(Items from a dataset)
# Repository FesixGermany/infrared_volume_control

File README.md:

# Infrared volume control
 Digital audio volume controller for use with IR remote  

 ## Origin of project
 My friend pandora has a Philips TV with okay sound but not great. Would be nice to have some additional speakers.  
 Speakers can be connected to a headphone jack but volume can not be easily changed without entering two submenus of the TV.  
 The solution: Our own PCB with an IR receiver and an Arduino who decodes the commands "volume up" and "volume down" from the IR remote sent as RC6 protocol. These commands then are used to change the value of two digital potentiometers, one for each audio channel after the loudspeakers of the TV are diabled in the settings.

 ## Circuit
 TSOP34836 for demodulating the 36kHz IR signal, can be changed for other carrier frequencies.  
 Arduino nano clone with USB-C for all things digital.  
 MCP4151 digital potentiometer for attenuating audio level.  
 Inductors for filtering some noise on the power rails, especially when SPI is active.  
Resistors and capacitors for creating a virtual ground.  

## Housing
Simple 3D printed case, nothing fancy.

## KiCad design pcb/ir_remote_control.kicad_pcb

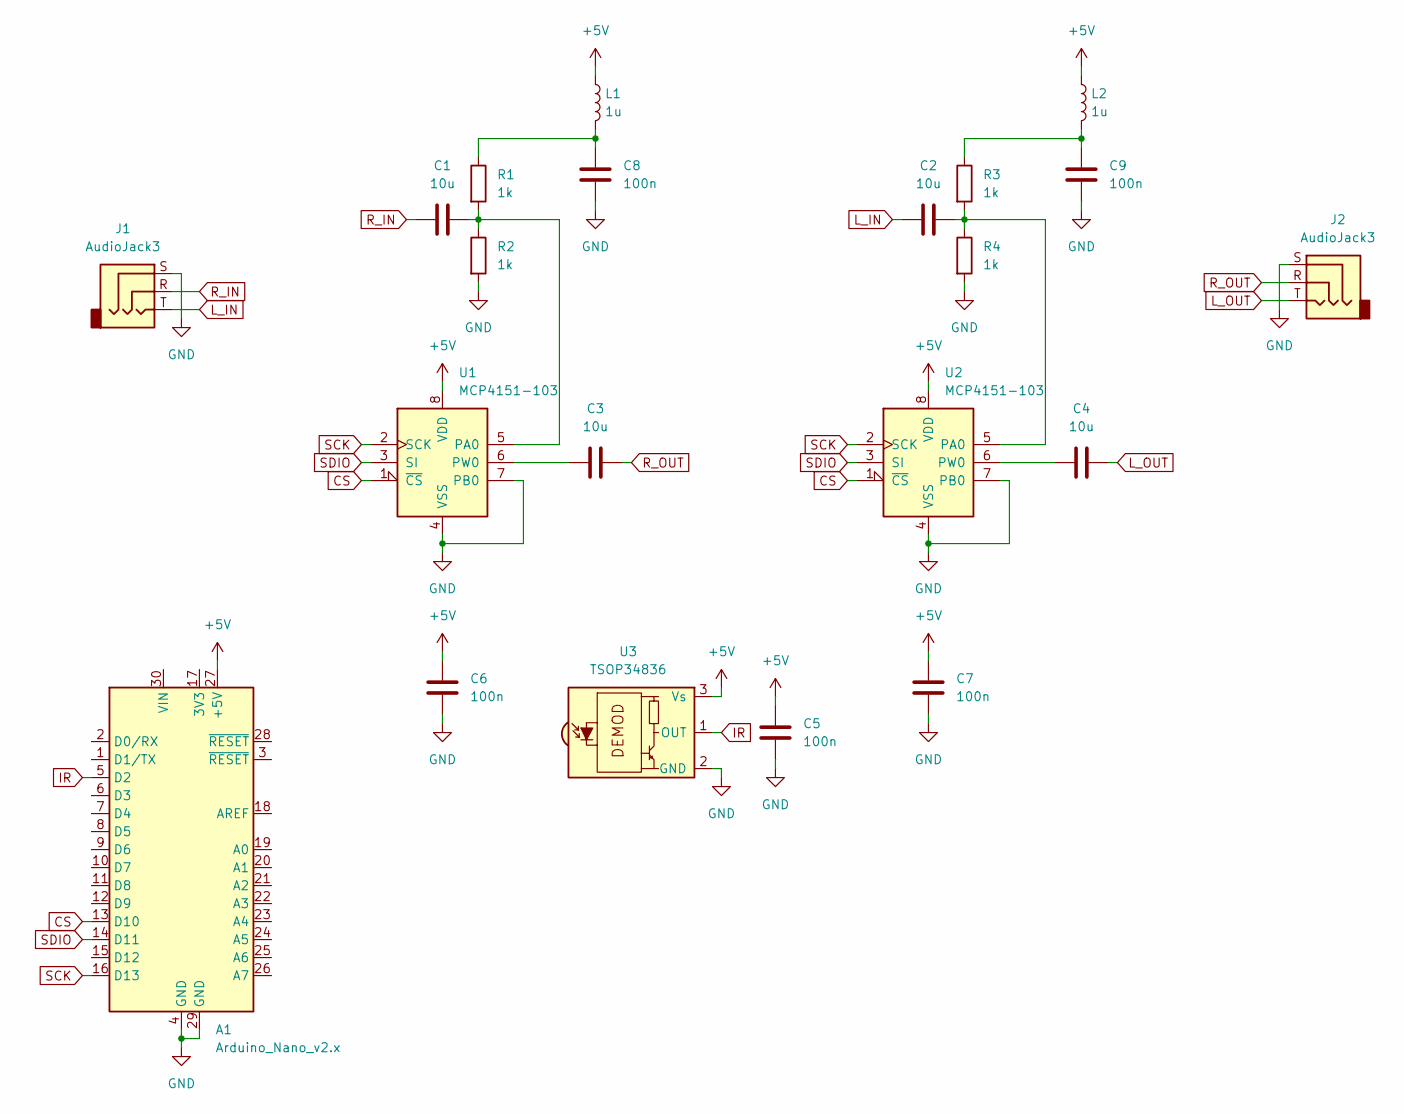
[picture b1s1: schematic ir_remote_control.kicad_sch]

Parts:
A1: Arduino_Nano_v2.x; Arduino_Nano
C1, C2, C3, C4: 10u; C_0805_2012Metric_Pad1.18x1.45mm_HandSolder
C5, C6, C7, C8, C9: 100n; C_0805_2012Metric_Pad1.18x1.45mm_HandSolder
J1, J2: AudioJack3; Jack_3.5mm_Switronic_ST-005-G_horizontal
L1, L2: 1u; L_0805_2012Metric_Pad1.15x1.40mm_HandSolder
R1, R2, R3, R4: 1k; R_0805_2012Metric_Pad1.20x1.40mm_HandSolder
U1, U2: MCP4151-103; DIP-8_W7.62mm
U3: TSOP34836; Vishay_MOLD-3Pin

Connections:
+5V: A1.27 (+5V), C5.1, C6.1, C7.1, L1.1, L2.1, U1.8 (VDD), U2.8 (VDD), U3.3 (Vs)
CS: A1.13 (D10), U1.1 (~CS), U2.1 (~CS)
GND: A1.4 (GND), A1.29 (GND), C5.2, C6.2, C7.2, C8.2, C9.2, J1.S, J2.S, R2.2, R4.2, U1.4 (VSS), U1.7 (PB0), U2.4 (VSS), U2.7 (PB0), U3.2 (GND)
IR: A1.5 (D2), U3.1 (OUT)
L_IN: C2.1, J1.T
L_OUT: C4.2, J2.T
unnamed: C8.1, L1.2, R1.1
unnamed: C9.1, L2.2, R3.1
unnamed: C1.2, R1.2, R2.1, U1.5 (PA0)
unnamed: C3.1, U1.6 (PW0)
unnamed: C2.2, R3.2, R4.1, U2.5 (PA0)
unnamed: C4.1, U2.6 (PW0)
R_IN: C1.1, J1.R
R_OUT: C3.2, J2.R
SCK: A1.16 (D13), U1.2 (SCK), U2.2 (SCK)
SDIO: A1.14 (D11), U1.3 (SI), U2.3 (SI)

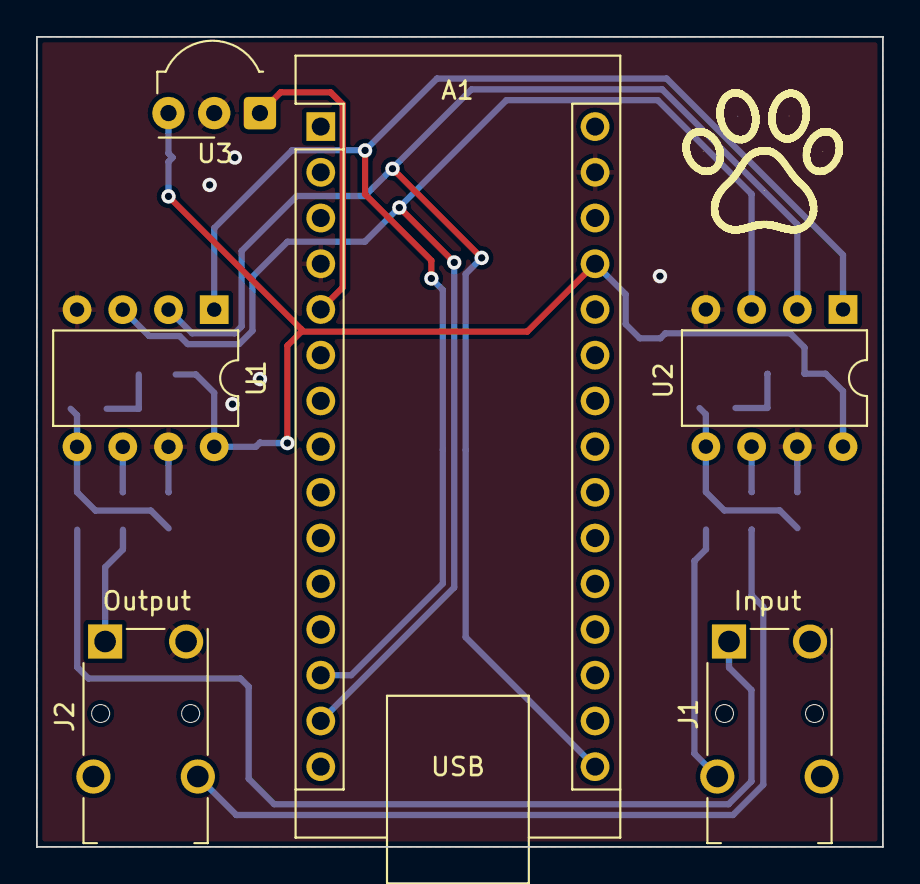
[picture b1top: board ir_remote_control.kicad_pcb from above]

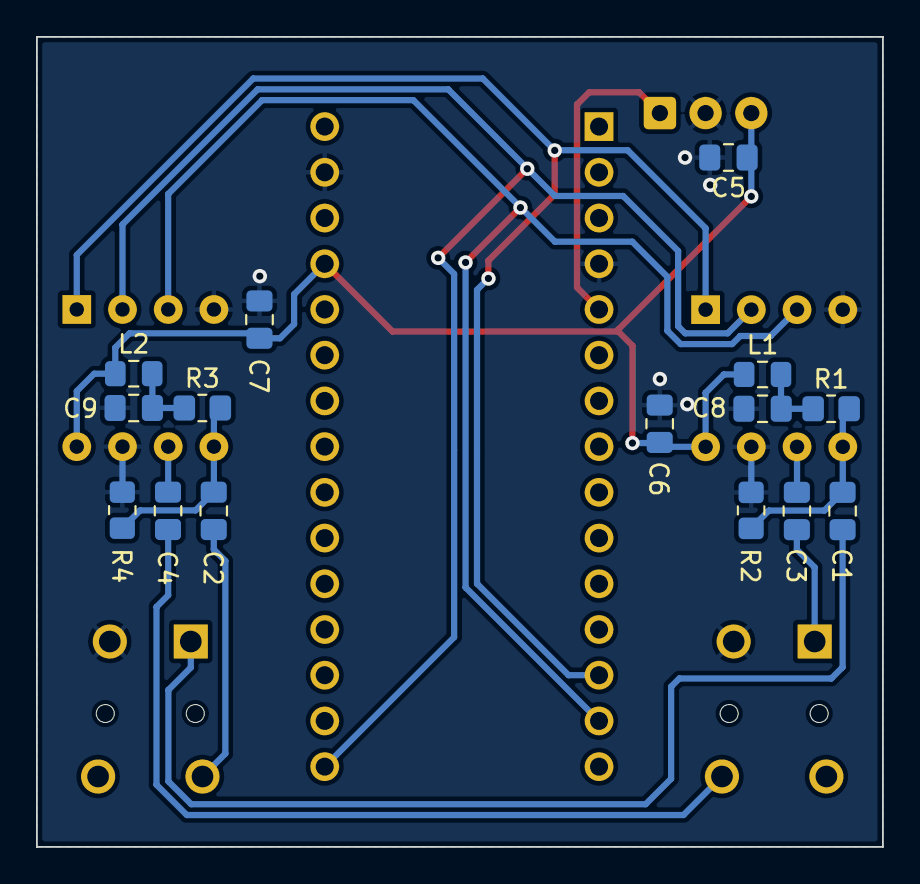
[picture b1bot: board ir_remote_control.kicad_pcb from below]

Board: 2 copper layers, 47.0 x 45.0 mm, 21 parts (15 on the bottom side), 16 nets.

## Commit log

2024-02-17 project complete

• _ACTIVITY_:
From the records above, copy each line in which the string "picture" occurs.

• _TASK RESULT_:
[picture b1s1: schematic ir_remote_control.kicad_sch]
[picture b1top: board ir_remote_control.kicad_pcb from above]
[picture b1bot: board ir_remote_control.kicad_pcb from below]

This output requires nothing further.